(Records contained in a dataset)
+ + +

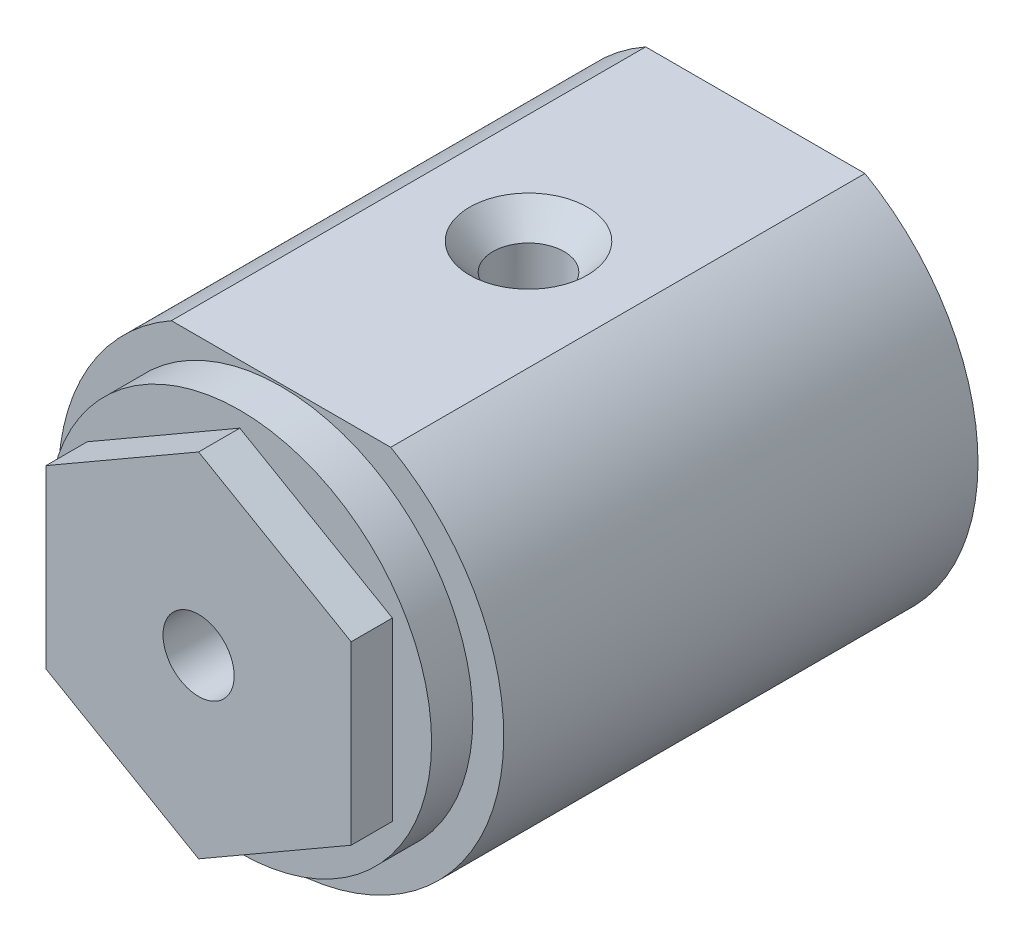
ISO-10303-21;
HEADER;
FILE_DESCRIPTION(('STEP AP214'),'2;1');
FILE_NAME('part.step','',(''),(''),'','','');
FILE_SCHEMA(('AUTOMOTIVE_DESIGN { 1 0 10303 214 1 1 1 1 }'));
ENDSEC;
DATA;
#1=APPLICATION_CONTEXT('core data for automotive mechanical design processes');
#2=APPLICATION_PROTOCOL_DEFINITION('international standard','automotive_design',2000,#1);
#3=PRODUCT_CONTEXT('',#1,'mechanical');
#4=PRODUCT('Part','Part','',(#3));
#5=PRODUCT_RELATED_PRODUCT_CATEGORY('part','',(#4));
#6=PRODUCT_DEFINITION_FORMATION('','',#4);
#7=PRODUCT_DEFINITION_CONTEXT('part definition',#1,'design');
#8=PRODUCT_DEFINITION('design','',#6,#7);
#9=PRODUCT_DEFINITION_SHAPE('','',#8);
#10=(LENGTH_UNIT() NAMED_UNIT(*) SI_UNIT(.MILLI.,.METRE.));
#11=(NAMED_UNIT(*) PLANE_ANGLE_UNIT() SI_UNIT($,.RADIAN.));
#12=(NAMED_UNIT(*) SI_UNIT($,.STERADIAN.) SOLID_ANGLE_UNIT());
#13=UNCERTAINTY_MEASURE_WITH_UNIT(LENGTH_MEASURE(1.E-05),#10,'distance_accuracy_value','');
#14=(GEOMETRIC_REPRESENTATION_CONTEXT(3) GLOBAL_UNCERTAINTY_ASSIGNED_CONTEXT((#13)) GLOBAL_UNIT_ASSIGNED_CONTEXT((#10,
#11,#12)) REPRESENTATION_CONTEXT('',''));
#15=CARTESIAN_POINT('',(0.,0.,0.));
#16=DIRECTION('',(0.,0.,1.));
#17=DIRECTION('',(1.,0.,0.));
#18=AXIS2_PLACEMENT_3D('',#15,#16,#17);
#19=CARTESIAN_POINT('',(0.,0.,25.));
#20=DIRECTION('',(0.,0.,1.));
#21=DIRECTION('',(1.,0.,0.));
#22=AXIS2_PLACEMENT_3D('',#19,#20,#21);
#23=PLANE('',#22);
#24=CARTESIAN_POINT('',(0.,0.,25.));
#25=DIRECTION('',(0.,0.,1.));
#26=DIRECTION('',(1.,0.,0.));
#27=AXIS2_PLACEMENT_3D('',#24,#25,#26);
#28=CIRCLE('',#27,9.3);
#29=CARTESIAN_POINT('',(9.3,0.,25.));
#30=VERTEX_POINT('',#29);
#31=EDGE_CURVE('E244',#30,#30,#28,.T.);
#32=ORIENTED_EDGE('',*,*,#31,.T.);
#33=EDGE_LOOP('',(#32));
#34=FACE_BOUND('',#33,.T.);
#35=DIRECTION('',(-0.866025403784439,-0.5,0.));
#36=VECTOR('',#35,1.);
#37=CARTESIAN_POINT('',(0.,8.54478398400646,25.));
#38=LINE('',#37,#36);
#39=CARTESIAN_POINT('',(0.,8.54478398400646,25.));
#40=VERTEX_POINT('',#39);
#41=CARTESIAN_POINT('',(-7.4,4.27239199200323,25.));
#42=VERTEX_POINT('',#41);
#43=EDGE_CURVE('E221',#40,#42,#38,.T.);
#44=ORIENTED_EDGE('',*,*,#43,.F.);
#45=DIRECTION('',(-0.866025403784439,0.5,0.));
#46=VECTOR('',#45,1.);
#47=CARTESIAN_POINT('',(7.4,4.27239199200323,25.));
#48=LINE('',#47,#46);
#49=CARTESIAN_POINT('',(7.4,4.27239199200323,25.));
#50=VERTEX_POINT('',#49);
#51=EDGE_CURVE('E196',#50,#40,#48,.T.);
#52=ORIENTED_EDGE('',*,*,#51,.F.);
#53=DIRECTION('',(0.,1.,0.));
#54=VECTOR('',#53,1.);
#55=CARTESIAN_POINT('',(7.4,-4.27239199200323,25.));
#56=LINE('',#55,#54);
#57=CARTESIAN_POINT('',(7.4,-4.27239199200323,25.));
#58=VERTEX_POINT('',#57);
#59=EDGE_CURVE('E208',#58,#50,#56,.T.);
#60=ORIENTED_EDGE('',*,*,#59,.F.);
#61=DIRECTION('',(0.866025403784439,0.5,0.));
#62=VECTOR('',#61,1.);
#63=CARTESIAN_POINT('',(0.,-8.54478398400646,25.));
#64=LINE('',#63,#62);
#65=CARTESIAN_POINT('',(0.,-8.54478398400646,25.));
#66=VERTEX_POINT('',#65);
#67=EDGE_CURVE('E227',#66,#58,#64,.T.);
#68=ORIENTED_EDGE('',*,*,#67,.F.);
#69=DIRECTION('',(0.866025403784439,-0.5,0.));
#70=VECTOR('',#69,1.);
#71=CARTESIAN_POINT('',(-7.4,-4.27239199200323,25.));
#72=LINE('',#71,#70);
#73=CARTESIAN_POINT('',(-7.4,-4.27239199200323,25.));
#74=VERTEX_POINT('',#73);
#75=EDGE_CURVE('E225',#74,#66,#72,.T.);
#76=ORIENTED_EDGE('',*,*,#75,.F.);
#77=DIRECTION('',(0.,-1.,0.));
#78=VECTOR('',#77,1.);
#79=CARTESIAN_POINT('',(-7.4,4.27239199200323,25.));
#80=LINE('',#79,#78);
#81=EDGE_CURVE('E223',#42,#74,#80,.T.);
#82=ORIENTED_EDGE('',*,*,#81,.F.);
#83=EDGE_LOOP('',(#44,#52,#60,#68,#76,#82));
#84=FACE_BOUND('',#83,.T.);
#85=ADVANCED_FACE('F32',(#34,#84),#23,.T.);
#86=CARTESIAN_POINT('',(0.,0.,23.));
#87=DIRECTION('',(0.,0.,-1.));
#88=DIRECTION('',(-1.,0.,0.));
#89=AXIS2_PLACEMENT_3D('',#86,#87,#88);
#90=CYLINDRICAL_SURFACE('',#89,7.9);
#91=DIRECTION('',(0.,0.,-1.));
#92=VECTOR('',#91,1.);
#93=CARTESIAN_POINT('',(-5.25357021462548,5.9,23.));
#94=LINE('',#93,#92);
#95=CARTESIAN_POINT('',(-5.25357021462548,5.9,19.));
#96=VERTEX_POINT('',#95);
#97=CARTESIAN_POINT('',(-5.25357021462548,5.9,0.));
#98=VERTEX_POINT('',#97);
#99=EDGE_CURVE('E265',#96,#98,#94,.T.);
#100=ORIENTED_EDGE('',*,*,#99,.F.);
#101=CARTESIAN_POINT('',(0.,0.,19.));
#102=DIRECTION('',(0.,0.,1.));
#103=DIRECTION('',(1.,0.,0.));
#104=AXIS2_PLACEMENT_3D('',#101,#102,#103);
#105=CIRCLE('',#104,7.9);
#106=CARTESIAN_POINT('',(5.25357021462548,5.9,19.));
#107=VERTEX_POINT('',#106);
#108=EDGE_CURVE('E247',#96,#107,#105,.T.);
#109=ORIENTED_EDGE('',*,*,#108,.T.);
#110=DIRECTION('',(0.,0.,-1.));
#111=VECTOR('',#110,1.);
#112=CARTESIAN_POINT('',(5.25357021462548,5.9,23.));
#113=LINE('',#112,#111);
#114=CARTESIAN_POINT('',(5.25357021462548,5.9,0.));
#115=VERTEX_POINT('',#114);
#116=EDGE_CURVE('E267',#107,#115,#113,.T.);
#117=ORIENTED_EDGE('',*,*,#116,.T.);
#118=CARTESIAN_POINT('',(0.,0.,0.));
#119=DIRECTION('',(0.,0.,1.));
#120=DIRECTION('',(1.,0.,0.));
#121=AXIS2_PLACEMENT_3D('',#118,#119,#120);
#122=CIRCLE('',#121,7.9);
#123=EDGE_CURVE('E259',#98,#115,#122,.T.);
#124=ORIENTED_EDGE('',*,*,#123,.F.);
#125=EDGE_LOOP('',(#100,#109,#117,#124));
#126=FACE_BOUND('',#125,.T.);
#127=ADVANCED_FACE('F294',(#126),#90,.F.);
#128=CARTESIAN_POINT('',(-5.25357021462548,5.9,23.));
#129=DIRECTION('',(0.,-1.,0.));
#130=DIRECTION('',(0.,0.,-1.));
#131=AXIS2_PLACEMENT_3D('',#128,#129,#130);
#132=PLANE('',#131);
#133=CARTESIAN_POINT('',(0.,5.9,11.));
#134=DIRECTION('',(0.,-1.,0.));
#135=DIRECTION('',(0.,0.,-1.));
#136=AXIS2_PLACEMENT_3D('',#133,#134,#135);
#137=CIRCLE('',#136,1.7272);
#138=CARTESIAN_POINT('',(0.,5.9,9.2728));
#139=VERTEX_POINT('',#138);
#140=EDGE_CURVE('E256',#139,#139,#137,.T.);
#141=ORIENTED_EDGE('',*,*,#140,.F.);
#142=EDGE_LOOP('',(#141));
#143=FACE_BOUND('',#142,.T.);
#144=ORIENTED_EDGE('',*,*,#116,.F.);
#145=DIRECTION('',(-1.,0.,0.));
#146=VECTOR('',#145,1.);
#147=CARTESIAN_POINT('',(-5.25357021462548,5.9,19.));
#148=LINE('',#147,#146);
#149=EDGE_CURVE('E41',#107,#96,#148,.T.);
#150=ORIENTED_EDGE('',*,*,#149,.T.);
#151=ORIENTED_EDGE('',*,*,#99,.T.);
#152=DIRECTION('',(-1.,0.,0.));
#153=VECTOR('',#152,1.);
#154=CARTESIAN_POINT('',(-5.25357021462548,5.9,0.));
#155=LINE('',#154,#153);
#156=EDGE_CURVE('E262',#115,#98,#155,.T.);
#157=ORIENTED_EDGE('',*,*,#156,.F.);
#158=EDGE_LOOP('',(#144,#150,#151,#157));
#159=FACE_BOUND('',#158,.T.);
#160=ADVANCED_FACE('F289',(#143,#159),#132,.T.);
#161=CARTESIAN_POINT('',(0.,0.,23.));
#162=DIRECTION('',(0.,0.,1.));
#163=DIRECTION('',(1.,0.,0.));
#164=AXIS2_PLACEMENT_3D('',#161,#162,#163);
#165=PLANE('',#164);
#166=CARTESIAN_POINT('',(0.,0.,23.));
#167=DIRECTION('',(0.,0.,1.));
#168=DIRECTION('',(1.,0.,0.));
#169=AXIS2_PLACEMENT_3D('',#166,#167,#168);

+ + +

Exercise aim —
Go to the line with "#144=ORIENTED_EDGE('',*,*,#116,.F.);" in the entries above and repeat every line from there through the line with "#157=ORIENTED_EDGE('',*,*,#156,.F.);", exactly and with no other text.

Solution for this task —
#144=ORIENTED_EDGE('',*,*,#116,.F.);
#145=DIRECTION('',(-1.,0.,0.));
#146=VECTOR('',#145,1.);
#147=CARTESIAN_POINT('',(-5.25357021462548,5.9,19.));
#148=LINE('',#147,#146);
#149=EDGE_CURVE('E41',#107,#96,#148,.T.);
#150=ORIENTED_EDGE('',*,*,#149,.T.);
#151=ORIENTED_EDGE('',*,*,#99,.T.);
#152=DIRECTION('',(-1.,0.,0.));
#153=VECTOR('',#152,1.);
#154=CARTESIAN_POINT('',(-5.25357021462548,5.9,0.));
#155=LINE('',#154,#153);
#156=EDGE_CURVE('E262',#115,#98,#155,.T.);
#157=ORIENTED_EDGE('',*,*,#156,.F.);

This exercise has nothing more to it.